Sounds like Killington fits the bill.


----------



## dropKickMurphy (Jan 7, 2010)

slayeratcp said:


> Hi all, new to the forum.
> 
> I am trying to plan a trip for five or six guys trying to get some good East Coast skiing in by day, and some good drinking and having fun at night.  The most important thing is obviously the mountain, but we would like to go somewhere that has a decent town and nightlife as well.
> 
> ...



Vert is an overrated statistic. You'll have more than enough vert and terrain to keep you happy at any of those places.  You'll also have more than enough drinking options at any of them. 

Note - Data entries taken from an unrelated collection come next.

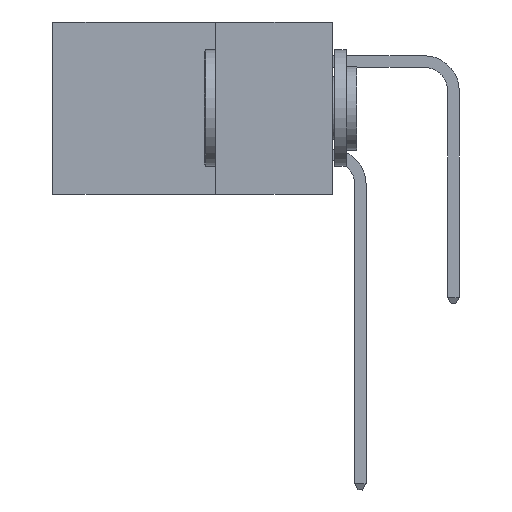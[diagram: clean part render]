
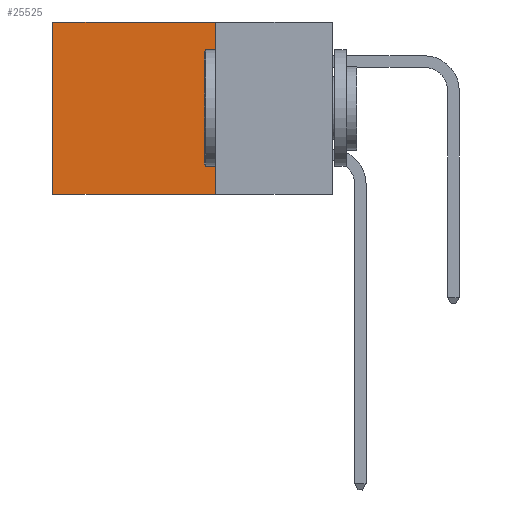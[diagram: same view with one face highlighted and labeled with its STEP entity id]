
A CAD part, left-side view. The second image highlights one B-rep face of the part: STEP entity #25525.
In plain terms, the highlighted planar face has unit normal (-1, 0, 0).
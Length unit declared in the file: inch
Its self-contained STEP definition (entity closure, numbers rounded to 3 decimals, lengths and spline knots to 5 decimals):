
#565 = EDGE_CURVE ( 'NONE', #2528, #18265, #23060, .T. ) ;
#1041 = DIRECTION ( 'NONE',  ( 0., 0., -1. ) ) ;
#1502 = VECTOR ( 'NONE', #8903, 39.37008 ) ;
#1709 = EDGE_CURVE ( 'NONE', #2528, #5142, #23651, .T. ) ;
#2071 = EDGE_LOOP ( 'NONE', ( #21234, #9563, #6938, #21560 ) ) ;
#2496 = VECTOR ( 'NONE', #1041, 39.37008 ) ;
#2528 = VERTEX_POINT ( 'NONE', #16384 ) ;
#4181 = CARTESIAN_POINT ( 'NONE',  ( 0.298, 0.25, -0.37 ) ) ;
#4813 = PLANE ( 'NONE',  #10945 ) ;
#4887 = CARTESIAN_POINT ( 'NONE',  ( 0.298, 0.25, -0.37 ) ) ;
#5142 = VERTEX_POINT ( 'NONE', #12310 ) ;
#6841 = CARTESIAN_POINT ( 'NONE',  ( 0.298, 0.25, 0. ) ) ;
#6938 = ORIENTED_EDGE ( 'NONE', *, *, #565, .F. ) ;
#6968 = LINE ( 'NONE', #4181, #1502 ) ;
#7385 = LINE ( 'NONE', #12299, #21508 ) ;
#8903 = DIRECTION ( 'NONE',  ( 0., 1., 0. ) ) ;
#9563 = ORIENTED_EDGE ( 'NONE', *, *, #25455, .F. ) ;
#10317 = DIRECTION ( 'NONE',  ( 0., 0., -1. ) ) ;
#10945 = AXIS2_PLACEMENT_3D ( 'NONE', #6841, #14768, #23357 ) ;
#12299 = CARTESIAN_POINT ( 'NONE',  ( 0.298, 0.6, 0. ) ) ;
#12310 = CARTESIAN_POINT ( 'NONE',  ( 0.298, 0.6, 0. ) ) ;
#12669 = CARTESIAN_POINT ( 'NONE',  ( 0.298, 0.25, 0. ) ) ;
#14768 = DIRECTION ( 'NONE',  ( 1., 0., 0. ) ) ;
#16384 = CARTESIAN_POINT ( 'NONE',  ( 0.298, 0.25, 0. ) ) ;
#17854 = CARTESIAN_POINT ( 'NONE',  ( 0.298, 0.25, 0. ) ) ;
#17877 = VERTEX_POINT ( 'NONE', #26427 ) ;
#18265 = VERTEX_POINT ( 'NONE', #4887 ) ;
#19480 = VECTOR ( 'NONE', #25022, 39.37008 ) ;
#21234 = ORIENTED_EDGE ( 'NONE', *, *, #23404, .T. ) ;
#21508 = VECTOR ( 'NONE', #10317, 39.37008 ) ;
#21560 = ORIENTED_EDGE ( 'NONE', *, *, #1709, .T. ) ;
#23060 = LINE ( 'NONE', #17854, #2496 ) ;
#23357 = DIRECTION ( 'NONE',  ( 0., 0., -1. ) ) ;
#23404 = EDGE_CURVE ( 'NONE', #5142, #17877, #7385, .T. ) ;
#23651 = LINE ( 'NONE', #12669, #19480 ) ;
#24942 = FACE_OUTER_BOUND ( 'NONE', #2071, .T. ) ;
#25022 = DIRECTION ( 'NONE',  ( 0., 1., 0. ) ) ;
#25455 = EDGE_CURVE ( 'NONE', #18265, #17877, #6968, .T. ) ;
#25525 = ADVANCED_FACE ( 'NONE', ( #24942 ), #4813, .F. ) ;
#26427 = CARTESIAN_POINT ( 'NONE',  ( 0.298, 0.6, -0.37 ) ) ;

What really makes the difference between a crappy trip or a great trip is the snow. Seeing that you need to decide in advance, you should lean to which location is most likely to have the best snow. Out of the 3 you mentioned, that would be Stowe.

If Stowe is on your radar, I'm assuming this isn't a really low budget trip. Seriously,have you considered SLC? Check out the prices of flights from Baltimore to SLC. I'd guess that the total cost of the SLC trip would compare very favorably to the Stowe trip. And your chances of finding great conditions is greater by an order of magnitude. Park City has the nightlife, and 3 huge areas (Deer Valley, Park City, and the Canyons) with huge amounts of intermediate (and above) terrain. Also within an easy drive to Alta/Snowbird, which offer a combination of terrain and snow that is among the very best on the planet.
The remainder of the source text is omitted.